# toilet bowl on gore loose rope 8-24-11



## KSC (Oct 22, 2003)

Great. One of the few deaths on Gore was due to a rope in Kirshbaum's. Please let us know if it turns up. Will be extra cautious running Kirshbaum's until then.


----------



## watersoul (Jun 9, 2011)

it is a 50' vest rope i believe that got thrown into my friends boat and when he swam out of toilet bowl it came out as well, we looked for it but did not see it anywhere, my guess is that as the water drops a little it will show up and we will b able to get it. my appologies everyone.


----------



## ~Bank (Jul 31, 2010)

I was told yesterday about another lost throwbag above Kirshbaums from the same hole this weekend. Another reminder to watch out for ropes. It's important to keep your throwbags from getting away.
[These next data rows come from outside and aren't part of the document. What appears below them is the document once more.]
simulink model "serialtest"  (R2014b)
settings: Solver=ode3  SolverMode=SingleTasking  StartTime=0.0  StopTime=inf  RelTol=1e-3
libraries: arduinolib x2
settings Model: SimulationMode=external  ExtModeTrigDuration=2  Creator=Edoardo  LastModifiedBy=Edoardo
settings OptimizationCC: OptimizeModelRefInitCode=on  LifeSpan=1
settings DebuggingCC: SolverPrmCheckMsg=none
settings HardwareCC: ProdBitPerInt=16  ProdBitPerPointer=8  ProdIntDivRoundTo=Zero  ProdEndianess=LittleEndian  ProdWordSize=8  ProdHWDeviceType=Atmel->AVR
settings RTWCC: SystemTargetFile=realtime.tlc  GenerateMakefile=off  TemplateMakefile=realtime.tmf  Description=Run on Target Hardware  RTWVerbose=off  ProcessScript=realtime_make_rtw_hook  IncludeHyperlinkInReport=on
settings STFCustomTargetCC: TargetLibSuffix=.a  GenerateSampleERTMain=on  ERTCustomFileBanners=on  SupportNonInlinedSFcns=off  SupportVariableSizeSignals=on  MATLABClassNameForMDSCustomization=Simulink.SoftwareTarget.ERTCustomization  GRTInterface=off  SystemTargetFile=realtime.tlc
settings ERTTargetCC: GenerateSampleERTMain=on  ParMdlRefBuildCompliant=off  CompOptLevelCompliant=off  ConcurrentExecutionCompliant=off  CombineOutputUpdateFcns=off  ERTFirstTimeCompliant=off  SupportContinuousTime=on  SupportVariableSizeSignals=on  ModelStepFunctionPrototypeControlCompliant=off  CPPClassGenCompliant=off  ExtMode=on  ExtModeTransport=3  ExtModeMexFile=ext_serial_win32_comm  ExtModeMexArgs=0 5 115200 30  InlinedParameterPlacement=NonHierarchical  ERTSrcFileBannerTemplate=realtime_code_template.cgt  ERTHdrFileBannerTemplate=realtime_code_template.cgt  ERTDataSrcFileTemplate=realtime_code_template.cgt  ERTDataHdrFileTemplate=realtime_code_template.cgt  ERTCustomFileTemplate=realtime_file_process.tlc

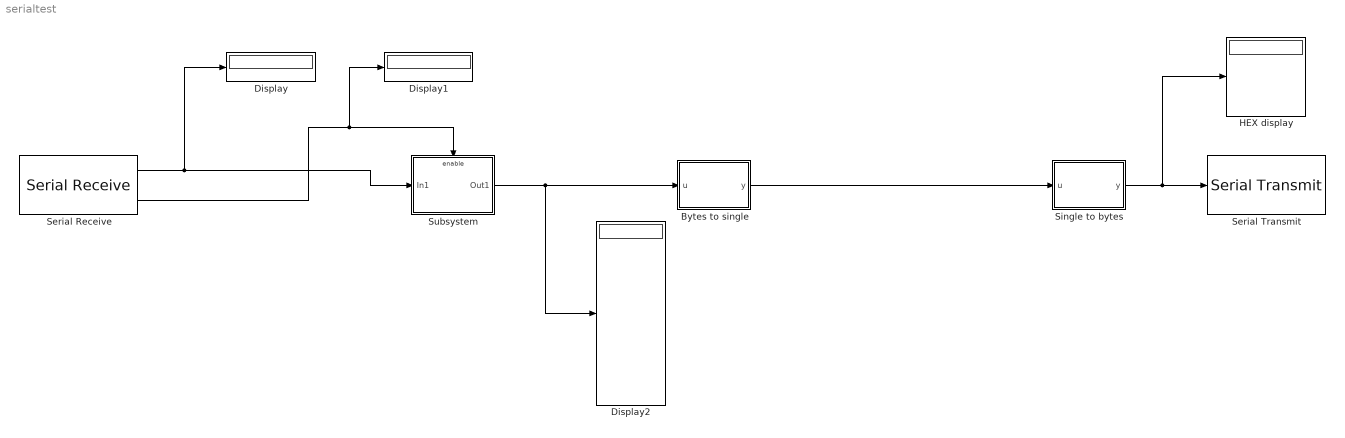
== system serialtest ==
  Bytes to single : MATLAB Function  TreatAsAtomicUnit=on
  Display : Display
  Display1 : Display
  Display2 : Display
      settings: Format=hex (Stored Integer)
  HEX display : Display
      settings: Format=hex (Stored Integer)
  Serial Receive : arduinolib/Serial Receive  portNumber=1  showOutStatus=on  sampleTime=0.1  blockPlatform=arduino
  Serial Transmit : arduinolib/Serial Transmit  portNumber=1  blockPlatform=arduino
  Single to bytes : MATLAB Function  TreatAsAtomicUnit=on
  Subsystem : Subsystem
  wires:
  Single to bytes/1(y) -> HEX display/1, Serial Transmit/1
  Bytes to single/1(y) -> Single to bytes/1(u)
  Serial Receive/1 -> Subsystem/1(In1), Display/1
  Serial Receive/2 -> Display1/1, Subsystem/Enable
  Subsystem/1(Out1) -> Display2/1, Bytes to single/1(u)

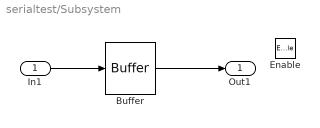
== system serialtest/Subsystem ==
  In1 : Inport
  Enable : EnablePort
  Buffer : Buffer  N=4  TreatMby1Signals=One channel
  Out1 : Outport
  wires:
  In1/1 -> Buffer/1
  Buffer/1 -> Out1/1

== matlab function serialtest/Bytes to single ==
  data: u input; y output size=1
function y = fcn(u)
%#codegen

s = typecast(u,'single');

y = s;

== matlab function serialtest/Single to bytes ==
  data: u input; y output size=4
function y = fcn(u)
%#codegen

b = typecast(single(u'),'uint8');

y = b';
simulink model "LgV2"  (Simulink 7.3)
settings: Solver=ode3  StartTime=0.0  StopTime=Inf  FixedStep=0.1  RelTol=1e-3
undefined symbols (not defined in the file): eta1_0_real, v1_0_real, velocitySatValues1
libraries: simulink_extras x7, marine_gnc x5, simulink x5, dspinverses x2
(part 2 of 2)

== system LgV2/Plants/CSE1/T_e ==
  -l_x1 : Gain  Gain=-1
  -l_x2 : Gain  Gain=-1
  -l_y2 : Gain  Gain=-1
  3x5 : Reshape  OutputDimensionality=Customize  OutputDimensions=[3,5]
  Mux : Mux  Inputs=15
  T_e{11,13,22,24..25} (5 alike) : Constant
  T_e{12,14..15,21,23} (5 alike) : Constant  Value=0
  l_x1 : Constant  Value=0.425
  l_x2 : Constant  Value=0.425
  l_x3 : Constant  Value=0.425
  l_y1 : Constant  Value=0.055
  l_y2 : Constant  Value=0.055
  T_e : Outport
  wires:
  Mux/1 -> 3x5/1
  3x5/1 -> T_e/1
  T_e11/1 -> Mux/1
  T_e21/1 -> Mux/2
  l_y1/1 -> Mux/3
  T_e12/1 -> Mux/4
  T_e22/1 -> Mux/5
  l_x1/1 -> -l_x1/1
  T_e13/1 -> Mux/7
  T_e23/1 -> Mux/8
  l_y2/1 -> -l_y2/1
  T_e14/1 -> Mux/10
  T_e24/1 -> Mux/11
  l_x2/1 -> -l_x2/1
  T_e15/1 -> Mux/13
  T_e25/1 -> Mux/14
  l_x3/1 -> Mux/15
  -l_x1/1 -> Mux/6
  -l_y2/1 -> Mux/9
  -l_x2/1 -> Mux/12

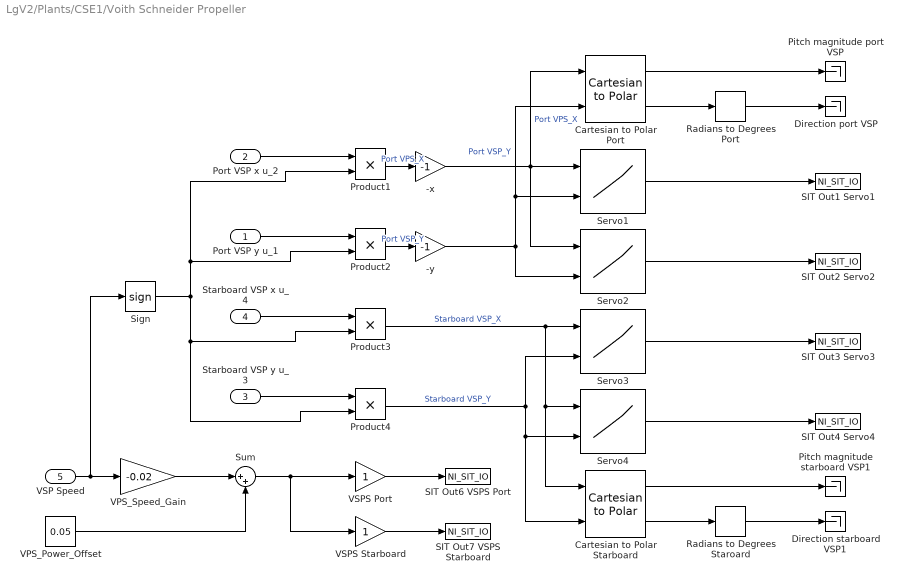
== system LgV2/Plants/CSE1/Voith Schneider Propeller  ==
  Port VSP y u_1 : Inport
  Port VSP x u_2 : Inport  Port=2
  Starboard VSP y u_3 : Inport  Port=3
  Starboard VSP x u_4 : Inport  Port=4
  VSP Speed : Inport  Port=5
  -x : Gain  Gain=-1
  -y : Gain  Gain=-1
  Cartesian to Polar Port : simulink_extras/Transformations/Cartesian to Polar  SystemSampleTime=-1
  Cartesian to Polar Starboard : simulink_extras/Transformations/Cartesian to Polar  SystemSampleTime=-1
  Direction port VSP : Terminator
  Direction starboard VSP1 : Terminator
  Pitch magnitude port VSP : Terminator
  Pitch magnitude starboard VSP1 : Terminator
  Product{1..4} (4 alike) : Product  RndMeth=Zero
  Radians to Degrees Port : simulink_extras/Transformations/Radians to Degrees  SystemSampleTime=-1
  Radians to Degrees Staroard : simulink_extras/Transformations/Radians to Degrees  SystemSampleTime=-1
  SIT Out1 Servo1 : S-Function  Priority=1  FunctionName=NI_SIT_IO  Parameters=width dtype portnum stime stype btype  EnableBusSupport=off  mask(SIT Outport){portnum=1, width=-1, stime=-1, dtype=auto, stype=auto, btype=0}
      mask prompts: portnum "Port number:"; width "Port dimensions (-1 for dynamically sized):"; stime "Sample time (-1 for inherited):"; dtype "Data type:"; stype "Signal type:"; btype "Block type:"
      mask help: Use this outport on any level of nested subsystems to allow the LabVIEW Simulation Interface Toolkit to map hardware to it.
      mask init:
      | NI_SIT_IO_init;
      settings: CopyFcn=NI_SIT_IO_callbacks(1);  DeleteFcn=NI_SIT_IO_callbacks(2);
      mask StyleString: edit,edit,edit,popup(auto|double|single|int8|uint8|int16|uint16|int32|uint32|boolean),popup(auto|real|complex),edit
      mask CallbackString: NI_SIT_IO_callbacks(3);|||NI_SIT_IO_callbacks(4);||
      mask TabNameString: Parameters,Parameters,Parameters,Parameters,Parameters,Parameters
      mask Display:
      | patch([-x x], [-y y], [.90980 .81960 .32156]);
      | plot([0 -x x 0], [rad -y y rad]);
      | fprintf('SIT%d', portnum);
  SIT Out2 Servo2 : S-Function  Priority=2  FunctionName=NI_SIT_IO  Parameters=width dtype portnum stime stype btype  EnableBusSupport=off  mask(SIT Outport){portnum=2, width=-1, stime=-1, dtype=auto, stype=auto, btype=0}
      mask prompts: portnum "Port number:"; width "Port dimensions (-1 for dynamically sized):"; stime "Sample time (-1 for inherited):"; dtype "Data type:"; stype "Signal type:"; btype "Block type:"
      mask help: Use this outport on any level of nested subsystems to allow the LabVIEW Simulation Interface Toolkit to map hardware to it.
      mask init:
      | NI_SIT_IO_init;
      settings: CopyFcn=NI_SIT_IO_callbacks(1);  DeleteFcn=NI_SIT_IO_callbacks(2);
      mask StyleString: edit,edit,edit,popup(auto|double|single|int8|uint8|int16|uint16|int32|uint32|boolean),popup(auto|real|complex),edit
      mask CallbackString: NI_SIT_IO_callbacks(3);|||NI_SIT_IO_callbacks(4);||
      mask TabNameString: Parameters,Parameters,Parameters,Parameters,Parameters,Parameters
      mask Display:
      | patch([-x x], [-y y], [.90980 .81960 .32156]);
      | plot([0 -x x 0], [rad -y y rad]);
      | fprintf('SIT%d', portnum);
  SIT Out3 Servo3 : S-Function  Priority=3  FunctionName=NI_SIT_IO  Parameters=width dtype portnum stime stype btype  EnableBusSupport=off  mask(SIT Outport){portnum=3, width=-1, stime=-1, dtype=auto, stype=auto, btype=0}
      mask prompts: portnum "Port number:"; width "Port dimensions (-1 for dynamically sized):"; stime "Sample time (-1 for inherited):"; dtype "Data type:"; stype "Signal type:"; btype "Block type:"
      mask help: Use this outport on any level of nested subsystems to allow the LabVIEW Simulation Interface Toolkit to map hardware to it.
      mask init:
      | NI_SIT_IO_init;
      settings: CopyFcn=NI_SIT_IO_callbacks(1);  DeleteFcn=NI_SIT_IO_callbacks(2);
      mask StyleString: edit,edit,edit,popup(auto|double|single|int8|uint8|int16|uint16|int32|uint32|boolean),popup(auto|real|complex),edit
      mask CallbackString: NI_SIT_IO_callbacks(3);|||NI_SIT_IO_callbacks(4);||
      mask TabNameString: Parameters,Parameters,Parameters,Parameters,Parameters,Parameters
      mask Display:
      | patch([-x x], [-y y], [.90980 .81960 .32156]);
      | plot([0 -x x 0], [rad -y y rad]);
      | fprintf('SIT%d', portnum);
  SIT Out4 Servo4 : S-Function  Priority=4  FunctionName=NI_SIT_IO  Parameters=width dtype portnum stime stype btype  EnableBusSupport=off  mask(SIT Outport){portnum=4, width=-1, stime=-1, dtype=auto, stype=auto, btype=0}
      mask prompts: portnum "Port number:"; width "Port dimensions (-1 for dynamically sized):"; stime "Sample time (-1 for inherited):"; dtype "Data type:"; stype "Signal type:"; btype "Block type:"
      mask help: Use this outport on any level of nested subsystems to allow the LabVIEW Simulation Interface Toolkit to map hardware to it.
      mask init:
      | NI_SIT_IO_init;
      settings: CopyFcn=NI_SIT_IO_callbacks(1);  DeleteFcn=NI_SIT_IO_callbacks(2);
      mask StyleString: edit,edit,edit,popup(auto|double|single|int8|uint8|int16|uint16|int32|uint32|boolean),popup(auto|real|complex),edit
      mask CallbackString: NI_SIT_IO_callbacks(3);|||NI_SIT_IO_callbacks(4);||
      mask TabNameString: Parameters,Parameters,Parameters,Parameters,Parameters,Parameters
      mask Display:
      | patch([-x x], [-y y], [.90980 .81960 .32156]);
      | plot([0 -x x 0], [rad -y y rad]);
      | fprintf('SIT%d', portnum);
  SIT Out6 VSPS Port : S-Function  Priority=5  FunctionName=NI_SIT_IO  Parameters=width dtype portnum stime stype btype  EnableBusSupport=off  mask(SIT Outport){portnum=5, width=-1, stime=-1, dtype=auto, stype=auto, btype=0}
      mask prompts: portnum "Port number:"; width "Port dimensions (-1 for dynamically sized):"; stime "Sample time (-1 for inherited):"; dtype "Data type:"; stype "Signal type:"; btype "Block type:"
      mask help: Use this outport on any level of nested subsystems to allow the LabVIEW Simulation Interface Toolkit to map hardware to it.
      mask init:
      | NI_SIT_IO_init;
      settings: CopyFcn=NI_SIT_IO_callbacks(1);  DeleteFcn=NI_SIT_IO_callbacks(2);
      mask StyleString: edit,edit,edit,popup(auto|double|single|int8|uint8|int16|uint16|int32|uint32|boolean),popup(auto|real|complex),edit
      mask CallbackString: NI_SIT_IO_callbacks(3);|||NI_SIT_IO_callbacks(4);||
      mask TabNameString: Parameters,Parameters,Parameters,Parameters,Parameters,Parameters
      mask Display:
      | patch([-x x], [-y y], [.90980 .81960 .32156]);
      | plot([0 -x x 0], [rad -y y rad]);
      | fprintf('SIT%d', portnum);
  SIT Out7 VSPS Starboard : S-Function  Priority=6  FunctionName=NI_SIT_IO  Parameters=width dtype portnum stime stype btype  EnableBusSupport=off  mask(SIT Outport){portnum=6, width=-1, stime=-1, dtype=auto, stype=auto, btype=0}
      mask prompts: portnum "Port number:"; width "Port dimensions (-1 for dynamically sized):"; stime "Sample time (-1 for inherited):"; dtype "Data type:"; stype "Signal type:"; btype "Block type:"
      mask help: Use this outport on any level of nested subsystems to allow the LabVIEW Simulation Interface Toolkit to map hardware to it.
      mask init:
      | NI_SIT_IO_init;
      settings: CopyFcn=NI_SIT_IO_callbacks(1);  DeleteFcn=NI_SIT_IO_callbacks(2);
      mask StyleString: edit,edit,edit,popup(auto|double|single|int8|uint8|int16|uint16|int32|uint32|boolean),popup(auto|real|complex),edit
      mask CallbackString: NI_SIT_IO_callbacks(3);|||NI_SIT_IO_callbacks(4);||
      mask TabNameString: Parameters,Parameters,Parameters,Parameters,Parameters,Parameters
      mask Display:
      | patch([-x x], [-y y], [.90980 .81960 .32156]);
      | plot([0 -x x 0], [rad -y y rad]);
      | fprintf('SIT%d', portnum);
  Servo1 : Lookup2D  RowIndex=[-1,0,1]  ColumnIndex=[-1,0,1]  Table=reshape([0.06,0.0495363,0.043301,0.06,0.052446,0.043301,0.06,0.0541518,0.043301],3,3)
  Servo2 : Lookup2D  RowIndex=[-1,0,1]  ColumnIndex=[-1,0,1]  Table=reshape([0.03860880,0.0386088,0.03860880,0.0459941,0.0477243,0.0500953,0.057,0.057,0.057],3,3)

They cause deadly underwater hazards. Please stop keeping lose bags in your boat or pfd.


----------



## Rez072 (Apr 21, 2008)

When we came through TB late Sunday afternoon there was a rope caught under a boulder right where the pool below TB ends. The bag itself was sitting on top of the boulder w/ the rope leading down underwater to where it was snagged. We couldn't budge it.
Heads up.


----------



## ~Bank (Jul 31, 2010)

Found a north water throwbag below. Buckle has been ripped off.


----------